There have been several stories lately, in print and on the radio, about the importance of touch. One scientist arguing, successfully in my opinion, that touch is the most important of all senses. Touching a newborn stimulates their intellectual and social development, the sense of touch saves us from burning ourselves or freezing to death. Touch is a powerful communication tool – from the first handshake to the loving embrace.
I hadn’t really thought about any of this before, and until hearing these stories, I would have said that hearing is our most important sense. We gather so much information by listening, and experience so much joy. Giggling, rustling leaves, footsteps, birdsong, conversation. I think these are the things that connect us to the world. Fortunately there isn’t a need to prioritize our senses and I can still try to convince you, if needed, that sound is sometimes under-appreciated.
In The New Yorker this week there is an article about the importance of sound, and the new ways of manipulating it to improve listening experiences in restaurants, concert halls…and maybe even churches. Who hasn’t endured an evening of shouting over the surrounding clamor at a restaurant or a party? Who has ever felt that they’ve been simply an auditor/spectator at a church service or a concert, rather than a fully immersed participant in the sound of those experiences? I’ve said it again and again – listening is as important a form of participation as anything else I can think of. You know this already from conversations in which listening is far more important than talking.
Over the years so much has already been done at St. Alban’s – carpet taken out, a new sound system installed and tweaked – but it’s only made me hope for something more. We can listen to perfectly engineered music at the click of a mouse, and whether we realize it or not, we all yearn for that more perfect listening experience in live performance as well. It has been a dream of mine for some time to explore the possibilities of creating a more satisfying aural experience – as part of a larger and more complete worship experience – here at St. Alban’s. Whether through new technologies, or old-fashioned moving of the furniture, wouldn’t it be amazing to have sound able to create the same connection with God as the light pouring through the church’s glorious stained-glass windows? Well, I hope that sometimes the music in church does help you connect more fully to God, but I’m greedily wanting that to happen for everyone, all the time.
In The New Yorker’s article, author Alex Ross talks to one sound engineer in California who has been manipulating sound and space for 50 years. He likens his work to the “Photoshopping of an image, with undesirable elements removed.” He told Ross, “We couldn’t do this until we had a really high-powered computer. It’s calculating twenty thousand echoes a second, and that information has to stay in the memory for four or five seconds—a huge amount of data. Only a few years ago could we pull off the sacred-space setting, which is the most complex of all.” Sacred space…the most complex of all.
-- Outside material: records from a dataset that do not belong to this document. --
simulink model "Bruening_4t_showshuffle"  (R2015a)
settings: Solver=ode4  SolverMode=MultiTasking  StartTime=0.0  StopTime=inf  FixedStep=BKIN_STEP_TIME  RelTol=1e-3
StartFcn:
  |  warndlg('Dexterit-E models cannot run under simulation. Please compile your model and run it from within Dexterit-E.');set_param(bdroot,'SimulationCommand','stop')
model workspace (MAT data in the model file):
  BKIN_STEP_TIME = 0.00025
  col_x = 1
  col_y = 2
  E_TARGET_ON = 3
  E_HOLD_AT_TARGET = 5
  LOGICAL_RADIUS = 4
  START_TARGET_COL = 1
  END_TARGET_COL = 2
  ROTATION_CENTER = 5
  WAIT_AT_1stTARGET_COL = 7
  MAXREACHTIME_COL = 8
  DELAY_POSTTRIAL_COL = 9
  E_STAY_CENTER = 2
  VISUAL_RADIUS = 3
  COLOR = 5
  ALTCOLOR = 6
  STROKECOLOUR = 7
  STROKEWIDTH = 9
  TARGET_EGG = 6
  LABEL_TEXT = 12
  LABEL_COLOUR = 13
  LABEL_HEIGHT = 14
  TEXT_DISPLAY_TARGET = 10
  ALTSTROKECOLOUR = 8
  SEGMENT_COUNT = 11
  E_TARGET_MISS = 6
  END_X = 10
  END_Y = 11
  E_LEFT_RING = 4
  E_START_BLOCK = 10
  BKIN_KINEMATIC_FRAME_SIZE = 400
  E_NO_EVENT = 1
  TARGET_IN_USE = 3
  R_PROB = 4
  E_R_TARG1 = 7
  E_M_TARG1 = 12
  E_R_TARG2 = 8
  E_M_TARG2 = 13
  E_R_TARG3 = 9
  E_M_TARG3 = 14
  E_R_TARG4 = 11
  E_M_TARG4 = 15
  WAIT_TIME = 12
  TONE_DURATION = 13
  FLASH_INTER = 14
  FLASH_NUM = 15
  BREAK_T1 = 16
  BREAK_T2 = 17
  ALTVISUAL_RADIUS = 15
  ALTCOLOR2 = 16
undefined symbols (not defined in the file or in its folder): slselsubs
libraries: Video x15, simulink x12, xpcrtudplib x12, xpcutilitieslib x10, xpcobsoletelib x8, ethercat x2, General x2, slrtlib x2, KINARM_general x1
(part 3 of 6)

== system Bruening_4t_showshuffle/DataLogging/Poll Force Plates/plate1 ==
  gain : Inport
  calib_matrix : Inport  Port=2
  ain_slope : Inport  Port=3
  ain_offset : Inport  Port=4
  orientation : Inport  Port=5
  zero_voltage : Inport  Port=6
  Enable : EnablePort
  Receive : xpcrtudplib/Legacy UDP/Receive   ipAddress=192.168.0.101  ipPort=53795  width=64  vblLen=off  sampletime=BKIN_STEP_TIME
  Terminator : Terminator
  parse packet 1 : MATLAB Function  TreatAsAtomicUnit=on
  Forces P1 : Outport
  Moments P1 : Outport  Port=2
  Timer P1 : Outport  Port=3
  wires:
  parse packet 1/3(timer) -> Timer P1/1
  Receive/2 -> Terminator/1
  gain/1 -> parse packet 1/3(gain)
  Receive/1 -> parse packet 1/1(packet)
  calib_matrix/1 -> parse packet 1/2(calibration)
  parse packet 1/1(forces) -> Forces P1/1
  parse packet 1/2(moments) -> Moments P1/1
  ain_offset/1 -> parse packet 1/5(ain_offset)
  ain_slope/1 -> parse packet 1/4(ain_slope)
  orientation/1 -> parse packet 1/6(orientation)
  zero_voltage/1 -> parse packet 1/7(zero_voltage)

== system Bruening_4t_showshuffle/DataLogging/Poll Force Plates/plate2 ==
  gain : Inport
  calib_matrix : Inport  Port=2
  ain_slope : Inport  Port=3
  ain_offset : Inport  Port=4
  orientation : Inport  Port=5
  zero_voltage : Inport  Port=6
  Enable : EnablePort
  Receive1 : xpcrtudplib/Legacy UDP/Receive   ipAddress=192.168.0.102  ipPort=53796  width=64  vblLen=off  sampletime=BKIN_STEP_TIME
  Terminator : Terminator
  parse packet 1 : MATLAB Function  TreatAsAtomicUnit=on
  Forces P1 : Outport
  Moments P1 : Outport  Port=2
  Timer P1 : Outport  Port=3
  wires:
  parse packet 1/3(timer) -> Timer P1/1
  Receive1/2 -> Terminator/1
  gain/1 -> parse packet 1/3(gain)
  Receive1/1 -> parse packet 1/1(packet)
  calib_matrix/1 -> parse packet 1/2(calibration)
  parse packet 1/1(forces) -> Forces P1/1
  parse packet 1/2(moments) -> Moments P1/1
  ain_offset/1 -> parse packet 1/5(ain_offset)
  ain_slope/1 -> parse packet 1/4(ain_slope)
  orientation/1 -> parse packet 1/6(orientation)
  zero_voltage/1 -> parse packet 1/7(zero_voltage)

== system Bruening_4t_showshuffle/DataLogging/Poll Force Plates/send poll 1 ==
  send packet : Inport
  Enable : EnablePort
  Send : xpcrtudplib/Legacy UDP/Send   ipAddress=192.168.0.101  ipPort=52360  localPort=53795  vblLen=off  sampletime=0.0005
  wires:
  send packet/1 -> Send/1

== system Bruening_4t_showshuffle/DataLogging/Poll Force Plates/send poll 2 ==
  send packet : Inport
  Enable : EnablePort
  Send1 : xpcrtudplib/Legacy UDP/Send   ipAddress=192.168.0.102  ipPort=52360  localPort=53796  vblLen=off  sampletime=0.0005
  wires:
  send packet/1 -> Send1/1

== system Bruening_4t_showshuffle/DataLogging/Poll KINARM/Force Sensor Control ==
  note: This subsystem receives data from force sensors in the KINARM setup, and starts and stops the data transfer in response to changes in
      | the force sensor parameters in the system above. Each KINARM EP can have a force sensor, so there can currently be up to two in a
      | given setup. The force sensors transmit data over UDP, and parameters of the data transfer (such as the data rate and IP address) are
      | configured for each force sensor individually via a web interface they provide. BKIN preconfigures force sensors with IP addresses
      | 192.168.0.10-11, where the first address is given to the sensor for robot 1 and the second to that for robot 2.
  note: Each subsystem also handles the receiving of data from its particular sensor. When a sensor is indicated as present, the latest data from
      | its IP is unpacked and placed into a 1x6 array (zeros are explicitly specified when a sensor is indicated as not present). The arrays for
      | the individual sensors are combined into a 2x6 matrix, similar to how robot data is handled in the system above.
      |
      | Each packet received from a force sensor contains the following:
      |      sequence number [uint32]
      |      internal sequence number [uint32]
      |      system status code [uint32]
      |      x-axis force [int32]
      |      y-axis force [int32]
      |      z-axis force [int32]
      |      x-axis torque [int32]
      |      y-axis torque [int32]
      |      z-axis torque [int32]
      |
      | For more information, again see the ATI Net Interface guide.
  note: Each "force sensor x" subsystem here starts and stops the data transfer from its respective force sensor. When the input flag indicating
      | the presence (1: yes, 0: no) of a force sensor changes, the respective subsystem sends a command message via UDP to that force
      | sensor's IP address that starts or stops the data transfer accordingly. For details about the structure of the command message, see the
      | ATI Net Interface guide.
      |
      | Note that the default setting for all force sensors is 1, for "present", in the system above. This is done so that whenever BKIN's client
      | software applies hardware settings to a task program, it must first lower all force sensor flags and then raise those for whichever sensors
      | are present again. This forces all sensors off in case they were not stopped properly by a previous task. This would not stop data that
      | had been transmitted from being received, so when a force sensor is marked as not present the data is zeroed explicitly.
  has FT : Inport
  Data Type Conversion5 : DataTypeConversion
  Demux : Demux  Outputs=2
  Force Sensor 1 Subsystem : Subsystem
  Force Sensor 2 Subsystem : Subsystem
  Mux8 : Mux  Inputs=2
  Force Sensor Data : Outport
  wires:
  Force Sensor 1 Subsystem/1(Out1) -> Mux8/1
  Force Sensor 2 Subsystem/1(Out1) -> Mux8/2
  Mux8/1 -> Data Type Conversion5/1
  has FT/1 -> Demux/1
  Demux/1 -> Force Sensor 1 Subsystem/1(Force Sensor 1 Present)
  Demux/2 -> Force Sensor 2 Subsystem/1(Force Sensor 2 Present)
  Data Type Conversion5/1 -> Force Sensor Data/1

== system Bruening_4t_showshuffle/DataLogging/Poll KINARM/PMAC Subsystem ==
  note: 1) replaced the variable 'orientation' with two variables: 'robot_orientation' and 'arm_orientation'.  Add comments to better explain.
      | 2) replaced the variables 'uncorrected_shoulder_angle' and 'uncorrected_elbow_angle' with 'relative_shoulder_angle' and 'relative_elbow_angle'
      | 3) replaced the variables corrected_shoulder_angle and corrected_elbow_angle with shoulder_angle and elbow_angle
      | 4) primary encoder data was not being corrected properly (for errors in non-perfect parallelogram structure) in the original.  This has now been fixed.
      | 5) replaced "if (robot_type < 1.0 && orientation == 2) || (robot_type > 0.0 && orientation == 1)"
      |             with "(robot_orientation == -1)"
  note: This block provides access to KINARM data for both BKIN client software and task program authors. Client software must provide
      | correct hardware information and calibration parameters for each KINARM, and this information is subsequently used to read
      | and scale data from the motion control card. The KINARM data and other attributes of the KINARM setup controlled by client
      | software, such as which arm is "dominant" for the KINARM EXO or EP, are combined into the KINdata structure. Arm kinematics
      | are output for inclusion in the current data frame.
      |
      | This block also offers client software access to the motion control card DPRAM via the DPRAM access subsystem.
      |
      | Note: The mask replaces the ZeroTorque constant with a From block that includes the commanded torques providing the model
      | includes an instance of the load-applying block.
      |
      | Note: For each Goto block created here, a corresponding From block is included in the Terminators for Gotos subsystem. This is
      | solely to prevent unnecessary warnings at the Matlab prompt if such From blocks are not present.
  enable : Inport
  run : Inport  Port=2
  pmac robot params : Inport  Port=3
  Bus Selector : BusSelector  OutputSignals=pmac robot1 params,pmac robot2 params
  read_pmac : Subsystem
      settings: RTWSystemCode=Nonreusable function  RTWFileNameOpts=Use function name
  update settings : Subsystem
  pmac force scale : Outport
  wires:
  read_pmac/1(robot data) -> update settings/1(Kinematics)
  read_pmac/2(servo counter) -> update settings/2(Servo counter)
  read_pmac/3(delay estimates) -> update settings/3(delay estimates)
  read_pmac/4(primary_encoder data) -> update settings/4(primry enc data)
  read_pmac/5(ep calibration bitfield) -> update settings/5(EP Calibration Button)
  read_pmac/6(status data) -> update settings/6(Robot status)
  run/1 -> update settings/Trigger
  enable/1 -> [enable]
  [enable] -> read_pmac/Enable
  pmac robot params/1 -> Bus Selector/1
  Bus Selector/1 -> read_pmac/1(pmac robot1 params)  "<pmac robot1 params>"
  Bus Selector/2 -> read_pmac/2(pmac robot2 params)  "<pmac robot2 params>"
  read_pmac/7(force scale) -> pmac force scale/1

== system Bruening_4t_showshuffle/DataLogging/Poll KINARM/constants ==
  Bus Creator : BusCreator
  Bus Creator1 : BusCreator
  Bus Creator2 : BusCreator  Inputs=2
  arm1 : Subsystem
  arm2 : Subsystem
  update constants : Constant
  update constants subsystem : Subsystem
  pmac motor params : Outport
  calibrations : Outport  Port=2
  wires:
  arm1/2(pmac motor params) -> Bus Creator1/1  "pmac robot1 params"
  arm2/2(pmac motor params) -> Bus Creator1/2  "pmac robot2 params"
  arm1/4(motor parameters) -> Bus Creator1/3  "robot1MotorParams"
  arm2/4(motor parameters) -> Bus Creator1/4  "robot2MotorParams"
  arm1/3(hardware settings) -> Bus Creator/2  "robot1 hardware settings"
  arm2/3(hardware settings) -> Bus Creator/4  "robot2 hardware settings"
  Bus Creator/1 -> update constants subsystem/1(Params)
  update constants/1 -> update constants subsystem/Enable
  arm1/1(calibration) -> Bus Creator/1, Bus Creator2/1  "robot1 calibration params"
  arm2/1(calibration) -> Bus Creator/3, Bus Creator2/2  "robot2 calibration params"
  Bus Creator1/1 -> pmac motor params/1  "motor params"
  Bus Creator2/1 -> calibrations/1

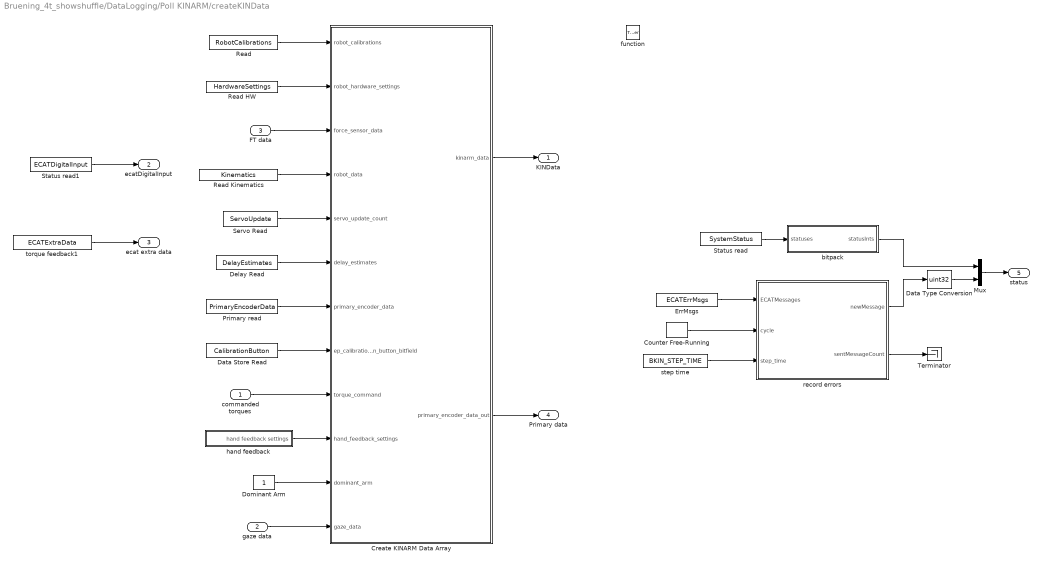
== system Bruening_4t_showshuffle/DataLogging/Poll KINARM/createKINData ==
  commanded torques : Inport
  gaze data : Inport  Port=2
  FT data : Inport  Port=3
  function : TriggerPort  TriggerType=function-call
  Counter Free-Running : simulink/Sources/Counter Free-Running  NumBits=32  tsamp=-1
  Create KINARM Data Array : MATLAB Function  TreatAsAtomicUnit=on
  Data Store Read : DataStoreRead  DataStoreName=CalibrationButton
  Data Type Conversion : DataTypeConversion  OutDataTypeStr=uint32
  Delay Read : DataStoreRead  DataStoreName=DelayEstimates
  Dominant Arm : Constant
  ErrMsgs : DataStoreRead  DataStoreName=ECATErrMsgs
  Mux : Mux  Inputs=2
  Primary read : DataStoreRead  DataStoreName=PrimaryEncoderData
  Read : DataStoreRead  DataStoreName=RobotCalibrations
  Read HW : DataStoreRead  DataStoreName=HardwareSettings
  Read Kinematics : DataStoreRead  DataStoreName=Kinematics
  Servo Read : DataStoreRead  DataStoreName=ServoUpdate
  Status read : DataStoreRead  DataStoreName=SystemStatus
  Status read1 : DataStoreRead  DataStoreName=ECATDigitalInput
  Terminator : Terminator
  bitpack : MATLAB Function  TreatAsAtomicUnit=on
  hand feedback : Subsystem
  record errors : MATLAB Function  TreatAsAtomicUnit=on
  step time : Constant  Value=BKIN_STEP_TIME
  torque feedback1 : DataStoreRead  DataStoreName=ECATExtraData
  KINData : Outport
  ecatDigitalInput : Outport  Port=2
  ecat extra data : Outport  Port=3
  Primary data : Outport  Port=4
  status : Outport  Port=5
  wires:
  hand feedback/1(hand feedback settings) -> Create KINARM Data Array/10(hand_feedback_settings)
  Read/1 -> Create KINARM Data Array/1(robot_calibrations)
  Servo Read/1 -> Create KINARM Data Array/5(servo_update_count)
  Data Store Read/1 -> Create KINARM Data Array/8(ep_calibration_button_bitfield)
  Dominant Arm/1 -> Create KINARM Data Array/11(dominant_arm)
  Delay Read/1 -> Create KINARM Data Array/6(delay_estimates)
  Read Kinematics/1 -> Create KINARM Data Array/4(robot_data)
  Primary read/1 -> Create KINARM Data Array/7(primary_encoder_data)
  Read HW/1 -> Create KINARM Data Array/2(robot_hardware_settings)
  gaze data/1 -> Create KINARM Data Array/12(gaze_data)
  Create KINARM Data Array/2(primary_encoder_data_out) -> Primary data/1
  FT data/1 -> Create KINARM Data Array/3(force_sensor_data)
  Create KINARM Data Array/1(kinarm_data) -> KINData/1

My colleagues have often noted that the problems of doing church in the 21st century are very similar to those facing arts institutions. Alex Ross writes: “like many American orchestras, the San Francisco Symphony is seeking to diversify its offerings and capture the attention of a younger audience. With SoundBox, it has hit on a winning formula; the first three editions of the series, which began last December, have sold out quickly.” Read the article and learn how and why sound has contributed to this success. The New Yorker-Wizards of Sound. http://www.newyorker.com/magazine/2015/02/23/wizards-sound
It’s just one part of the whole picture, of course. But then, as individuals we’re just one small part of the body of Christ. If our goal is a complete worship experience which leads towards a complete body of Christ, then the path towards that goal is an infinite number of small decisions and actions. Is anyone listening?
I always wanted to know about the holy sensual–little carnal –side of the true life in Christ. I believe it exists, although some Churches seek to obliterate it, and it is there that I base my holiness. Because it is the Body, in the whole sense, which in Christ, senses good and evil long before the mind.
I am listening. Ironically, your writings of these Daily Cups has brought great meaning (i.e. understanding) to many of your performances in church.
I’m intrigued by what a “sacred space setting” might be. I imagine it’s intended to involve a purity of sound. But in the Cathedral’s Center for Prayer & Pilgrimage we maintain a “sacred space” that’s filled with deep silence, allowing a visitor to hear God in an interior “sound of silence”. (A high-tech metaphor is those amazing Bose noise-cancelling headphones that buffered much of the tension for me in a recent trip that involved 52 hours on airplanes!) I think that cultivating interior silence, too, helps sharpen the ear for those rustling leaves, slight changes of pitch in a friend’s speech, creaking of an aging house, each note of music . . . . Thanks for your reflections, Sonya!